On first exposure the crude, expressionist wash drawings, then and now, had a freshness, energy and in your face confrontation. In the 1990s she was out front of the dialogues and debates provoked by the gruesome realism of the recent Academy Award winning film Twelve Years a Slave.

You don’t want to get caught on the wrong end of that conversation. One has to factor an intimidation element as a contributor to her accolades. Among her awards has been a MacArthur Foundation “genius” grant in 1997 at the age of just 28. Being declared a genius can be daunting for one so young. “To joke about it isn’t necessarily to dismiss it,” Walker said, “but it is to acknowledge the complete folly of that whole notion.”

As I learned during her lecture at Williams College a couple of years ago, Walker tends to be inarticulate, muddled and entangled by the Gordion Knot when attempting to articulate her ideas before an audience. Unlike her sugar sphinx Walker is no oracle.

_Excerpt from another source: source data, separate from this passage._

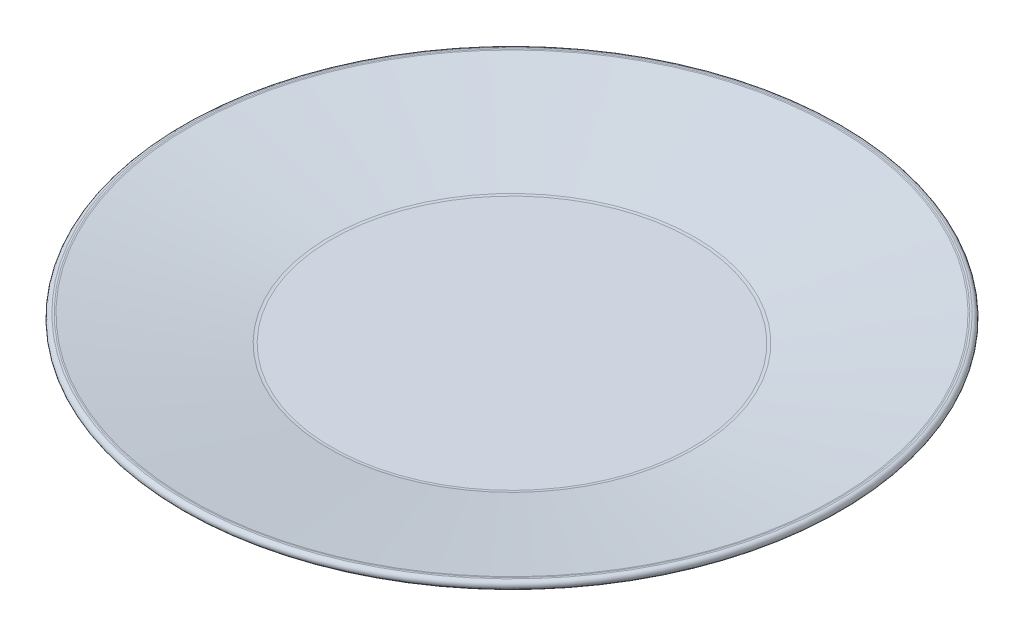
ISO-10303-21;
HEADER;
FILE_DESCRIPTION(('STEP AP214'),'2;1');
FILE_NAME('part.step','',(''),(''),'','','');
FILE_SCHEMA(('AUTOMOTIVE_DESIGN { 1 0 10303 214 1 1 1 1 }'));
ENDSEC;
DATA;
#1=APPLICATION_CONTEXT('core data for automotive mechanical design processes');
#2=APPLICATION_PROTOCOL_DEFINITION('international standard','automotive_design',2000,#1);
#3=PRODUCT_CONTEXT('',#1,'mechanical');
#4=PRODUCT('Part','Part','',(#3));
#5=PRODUCT_RELATED_PRODUCT_CATEGORY('part','',(#4));
#6=PRODUCT_DEFINITION_FORMATION('','',#4);
#7=PRODUCT_DEFINITION_CONTEXT('part definition',#1,'design');
#8=PRODUCT_DEFINITION('design','',#6,#7);
#9=PRODUCT_DEFINITION_SHAPE('','',#8);
#10=(LENGTH_UNIT() NAMED_UNIT(*) SI_UNIT(.MILLI.,.METRE.));
#11=(NAMED_UNIT(*) PLANE_ANGLE_UNIT() SI_UNIT($,.RADIAN.));
#12=(NAMED_UNIT(*) SI_UNIT($,.STERADIAN.) SOLID_ANGLE_UNIT());
#13=UNCERTAINTY_MEASURE_WITH_UNIT(LENGTH_MEASURE(1.E-05),#10,'distance_accuracy_value','');
#14=(GEOMETRIC_REPRESENTATION_CONTEXT(3) GLOBAL_UNCERTAINTY_ASSIGNED_CONTEXT((#13)) GLOBAL_UNIT_ASSIGNED_CONTEXT((#10,
#11,#12)) REPRESENTATION_CONTEXT('',''));
#15=CARTESIAN_POINT('',(0.,0.,0.));
#16=DIRECTION('',(0.,0.,1.));
#17=DIRECTION('',(1.,0.,0.));
#18=AXIS2_PLACEMENT_3D('',#15,#16,#17);
#19=CARTESIAN_POINT('',(0.,2.5,0.));
#20=DIRECTION('',(0.,1.,0.));
#21=DIRECTION('',(0.,0.,1.));
#22=AXIS2_PLACEMENT_3D('',#19,#20,#21);
#23=PLANE('',#22);
#24=CARTESIAN_POINT('',(0.,2.5,0.));
#25=DIRECTION('',(0.,-1.,0.));
#26=DIRECTION('',(0.,0.,-1.));
#27=AXIS2_PLACEMENT_3D('',#24,#25,#26);
#28=CIRCLE('',#27,51.9562184222309);
#29=CARTESIAN_POINT('',(0.,2.5,-51.9562184222309));
#30=VERTEX_POINT('',#29);
#31=EDGE_CURVE('E10',#30,#30,#28,.T.);
#32=ORIENTED_EDGE('',*,*,#31,.F.);
#33=EDGE_LOOP('',(#32));
#34=FACE_BOUND('',#33,.T.);
#35=ADVANCED_FACE('F33',(#34),#23,.T.);
#36=CARTESIAN_POINT('',(0.,7.,0.));
#37=DIRECTION('',(0.,-1.,0.));
#38=DIRECTION('',(0.,0.,-1.));
#39=AXIS2_PLACEMENT_3D('',#36,#37,#38);
#40=TOROIDAL_SURFACE('',#39,51.9562184222309,4.5);
#41=ORIENTED_EDGE('',*,*,#31,.T.);
#42=EDGE_LOOP('',(#41));
#43=FACE_BOUND('',#42,.T.);
#44=CARTESIAN_POINT('',(0.,2.57425824131468,0.));
#45=DIRECTION('',(0.,-1.,0.));
#46=DIRECTION('',(0.,0.,-1.));
#47=AXIS2_PLACEMENT_3D('',#44,#45,#46);
#48=CIRCLE('',#47,52.7703497908865);
#49=CARTESIAN_POINT('',(0.,2.57425824131468,-52.7703497908865));
#50=VERTEX_POINT('',#49);
#51=EDGE_CURVE('E39',#50,#50,#48,.T.);
#52=ORIENTED_EDGE('',*,*,#51,.F.);
#53=EDGE_LOOP('',(#52));
#54=FACE_BOUND('',#53,.T.);
#55=ADVANCED_FACE('F81',(#43,#54),#40,.F.);
#56=CARTESIAN_POINT('',(0.,9.96699633719347,0.));
#57=DIRECTION('',(0.,1.,0.));
#58=DIRECTION('',(0.,0.,1.));
#59=AXIS2_PLACEMENT_3D('',#56,#57,#58);
#60=CONICAL_SURFACE('',#59,92.9583967838243,1.38887646939275);
#61=ORIENTED_EDGE('',*,*,#51,.T.);
#62=EDGE_LOOP('',(#61));
#63=FACE_BOUND('',#62,.T.);
#64=CARTESIAN_POINT('',(0.,9.96699633719347,0.));
#65=DIRECTION('',(0.,-1.,0.));
#66=DIRECTION('',(0.,0.,-1.));
#67=AXIS2_PLACEMENT_3D('',#64,#65,#66);
#68=CIRCLE('',#67,92.9583967838243);
#69=CARTESIAN_POINT('',(0.,9.96699633719347,-92.9583967838243));
#70=VERTEX_POINT('',#69);
#71=EDGE_CURVE('E43',#70,#70,#68,.T.);
#72=ORIENTED_EDGE('',*,*,#71,.F.);
#73=EDGE_LOOP('',(#72));
#74=FACE_BOUND('',#73,.T.);
#75=ADVANCED_FACE('F86',(#63,#74),#60,.F.);
#76=CARTESIAN_POINT('',(0.,8.,0.));
#77=DIRECTION('',(0.,-1.,0.));
#78=DIRECTION('',(0.,0.,-1.));
#79=AXIS2_PLACEMENT_3D('',#76,#77,#78);
#80=TOROIDAL_SURFACE('',#79,93.3202329476712,2.);
#81=ORIENTED_EDGE('',*,*,#71,.T.);
#82=EDGE_LOOP('',(#81));
#83=FACE_BOUND('',#82,.T.);
#84=CARTESIAN_POINT('',(0.,10.,0.));
#85=DIRECTION('',(0.,-1.,0.));
#86=DIRECTION('',(0.,0.,-1.));
#87=AXIS2_PLACEMENT_3D('',#84,#85,#86);
#88=CIRCLE('',#87,93.3202329476712);
#89=CARTESIAN_POINT('',(0.,10.,-93.3202329476712));
#90=VERTEX_POINT('',#89);
#91=EDGE_CURVE('E47',#90,#90,#88,.T.);
#92=ORIENTED_EDGE('',*,*,#91,.F.);
#93=EDGE_LOOP('',(#92));
#94=FACE_BOUND('',#93,.T.);
#95=ADVANCED_FACE('F90',(#83,#94),#80,.T.);
#96=CARTESIAN_POINT('',(93.8,10.,0.));
#97=DIRECTION('',(0.,1.,0.));
#98=DIRECTION('',(0.,0.,1.));
#99=AXIS2_PLACEMENT_3D('',#96,#97,#98);
#100=PLANE('',#99);
#101=ORIENTED_EDGE('',*,*,#91,.T.);
#102=EDGE_LOOP('',(#101));
#103=FACE_BOUND('',#102,.T.);
#104=CARTESIAN_POINT('',(0.,10.,0.));
#105=DIRECTION('',(0.,-1.,0.));
#106=DIRECTION('',(0.,0.,-1.));
#107=AXIS2_PLACEMENT_3D('',#104,#105,#106);
#108=CIRCLE('',#107,93.8);
#109=CARTESIAN_POINT('',(0.,10.,-93.8));
#110=VERTEX_POINT('',#109);
#111=EDGE_CURVE('E52',#110,#110,#108,.T.);
#112=ORIENTED_EDGE('',*,*,#111,.F.);
#113=EDGE_LOOP('',(#112));
#114=FACE_BOUND('',#113,.T.);
#115=ADVANCED_FACE('F96',(#103,#114),#100,.T.);
#116=CARTESIAN_POINT('',(0.,8.8,0.));
#117=DIRECTION('',(0.,-1.,0.));
#118=DIRECTION('',(0.,0.,-1.));
#119=AXIS2_PLACEMENT_3D('',#116,#117,#118);
#120=TOROIDAL_SURFACE('',#119,93.8,1.2);
#121=ORIENTED_EDGE('',*,*,#111,.T.);
#122=EDGE_LOOP('',(#121));
#123=FACE_BOUND('',#122,.T.);
#124=CARTESIAN_POINT('',(0.,7.61980219768391,0.));
#125=DIRECTION('',(0.,-1.,0.));
#126=DIRECTION('',(0.,0.,-1.));
#127=AXIS2_PLACEMENT_3D('',#124,#125,#126);
#128=CIRCLE('',#127,94.0171016983081);
#129=CARTESIAN_POINT('',(0.,7.61980219768391,-94.0171016983081));
#130=VERTEX_POINT('',#129);
#131=EDGE_CURVE('E55',#130,#130,#128,.T.);
#132=ORIENTED_EDGE('',*,*,#131,.F.);
#133=EDGE_LOOP('',(#132));
#134=FACE_BOUND('',#133,.T.);
#135=ADVANCED_FACE('F77',(#123,#134),#120,.T.);
#136=CARTESIAN_POINT('',(0.,0.115512819822838,0.));
#137=DIRECTION('',(0.,1.,0.));
#138=DIRECTION('',(0.,0.,1.));
#139=AXIS2_PLACEMENT_3D('',#136,#137,#138);
#140=CONICAL_SURFACE('',#139,53.2226449956951,1.38887646939275);
#141=ORIENTED_EDGE('',*,*,#131,.T.);
#142=EDGE_LOOP('',(#141));
#143=FACE_BOUND('',#142,.T.);
#144=CARTESIAN_POINT('',(0.,0.115512819822838,0.));
#145=DIRECTION('',(0.,-1.,0.));
#146=DIRECTION('',(0.,0.,-1.));
#147=AXIS2_PLACEMENT_3D('',#144,#145,#146);
#148=CIRCLE('',#147,53.2226449956951);
#149=CARTESIAN_POINT('',(0.,0.115512819822838,-53.2226449956951));
#150=VERTEX_POINT('',#149);
#151=EDGE_CURVE('E58',#150,#150,#148,.T.);
#152=ORIENTED_EDGE('',*,*,#151,.F.);
#153=EDGE_LOOP('',(#152));
#154=FACE_BOUND('',#153,.T.);
#155=ADVANCED_FACE('F69',(#143,#154),#140,.T.);
#156=CARTESIAN_POINT('',(0.,7.,0.));
#157=DIRECTION('',(0.,-1.,0.));
#158=DIRECTION('',(0.,0.,-1.));
#159=AXIS2_PLACEMENT_3D('',#156,#157,#158);
#160=TOROIDAL_SURFACE('',#159,51.9562184222309,7.);
#161=ORIENTED_EDGE('',*,*,#151,.T.);
#162=EDGE_LOOP('',(#161));
#163=FACE_BOUND('',#162,.T.);
#164=CARTESIAN_POINT('',(0.,0.,0.));
#165=DIRECTION('',(0.,-1.,0.));
#166=DIRECTION('',(0.,0.,-1.));
#167=AXIS2_PLACEMENT_3D('',#164,#165,#166);
#168=CIRCLE('',#167,51.9562184222309);
#169=CARTESIAN_POINT('',(0.,0.,-51.9562184222309));
#170=VERTEX_POINT('',#169);
#171=EDGE_CURVE('E61',#170,#170,#168,.T.);
#172=ORIENTED_EDGE('',*,*,#171,.F.);
#173=EDGE_LOOP('',(#172));
#174=FACE_BOUND('',#173,.T.);
#175=ADVANCED_FACE('F67',(#163,#174),#160,.T.);
#176=CARTESIAN_POINT('',(0.,0.,0.));
#177=DIRECTION('',(0.,-1.,0.));
#178=DIRECTION('',(0.,0.,-1.));
#179=AXIS2_PLACEMENT_3D('',#176,#177,#178);
#180=PLANE('',#179);
#181=ORIENTED_EDGE('',*,*,#171,.T.);
#182=EDGE_LOOP('',(#181));
#183=FACE_BOUND('',#182,.T.);
#184=ADVANCED_FACE('F65',(#183),#180,.T.);
#185=CLOSED_SHELL('',(#35,#55,#75,#95,#115,#135,#155,#175,#184));
#186=MANIFOLD_SOLID_BREP('B2',#185);
#187=ADVANCED_BREP_SHAPE_REPRESENTATION('',(#18,#186),#14);
#188=SHAPE_DEFINITION_REPRESENTATION(#9,#187);
ENDSEC;
END-ISO-10303-21;

While white liberal critics have mostly praised Walker for her imagery the renowned African American artist and elder spokesperson, Betty Saar, in 1997 at the moment of being declared a genius did not give her younger colleague a free pass. Saar launched a letter-writing campaign against Walker’s work. She objected to negative stereotypes of blacks as both victims and aggressors that catered to the expectations of whites. Saar expressed “a sense of betrayal at the hands of a black artist who obviously hated being black.”

Be that as it may with this latest, ambitious, monumental project sponsored by Creative Time Walker is enjoying the sweet smell of success. For me the difficulty of the Sikkema Jenkins exhibition has more to do with the quality rather than the content of the work. She doesn’t paint very well. The drawn studies for the sphinx are more firm and compelling than a suite of aqueous narratives of the slave driven sugar industry.

What seemed fresh and expressionist when she emerged in those early Boston shows, now, at mid-career, strikes me as crude and inept. The middle period of the giant cutout installations were flat, graphic and masked her inability to create compelling chiaroscuro or finessed rendering with the brush. This latest exhibition reveals no development of watercolor technique since the 1990s.

This was most evident in an homage to Turner’s masterpiece in the Museum of Fine Arts "The Slave Ship." It is a painting which I looked at and taught over decades. One never tires of its flaming sky, masts set against a storm at sea, chains and hands sinking below the waves with giant fish feeding on the human ballast thrown over the side.

The harrowing and galvanic 1840 painting by England’s then greatest master, J.M.W. Turner, was a part of the debate that ended slavery in Great Britain. That wouldn't happen in America until the Civil War some twenty years later.

In the work on view in the gallery, which alters Turner’s composition into a panorama on paper, her approach mimics the master’s but in an embarrassingly slapdash manner that draws attention to her ineptitude. That singular work has been deconstructed as an instantly recognized simplistic signifier of her agenda. Perhaps I am harsh but the work of Turner is more sacred to me than that of Walker.

Behind a curtain one enters a room with a video of the Domino installation. Watching long enough to catch the drift I failed to find any insights. The film was mostly about the many and diverse crowds that came to view the piece. It zooms in on emotionally entranced adults and attractive teenaged girls taking selfies.

So, thanks a lot, people liked the show; which is more or less what one concludes about its sidebar in Chelsea.

Okay back to the subject matter. Of course it is important and a terrible part of our history, identity and fucked up political legacy. For that, yes, thanks Ms. Walker for bringing it to our attention.

From here, however, we must suck it up with a far deeper, nuanced, painful, introspective examination. Yet again that action is being played out in the streets of American cities. Not, my friends in museums and art galleries. It’s going to get a lot worse before it gets better.

Perhaps it is time for Walker to fast forward her work into the here and now. At mid-career, will she one day emerge as an elder statesman? The sphinx piece is a step in that direction. It remains to be seen whether it is the right move. Bigger is not always better.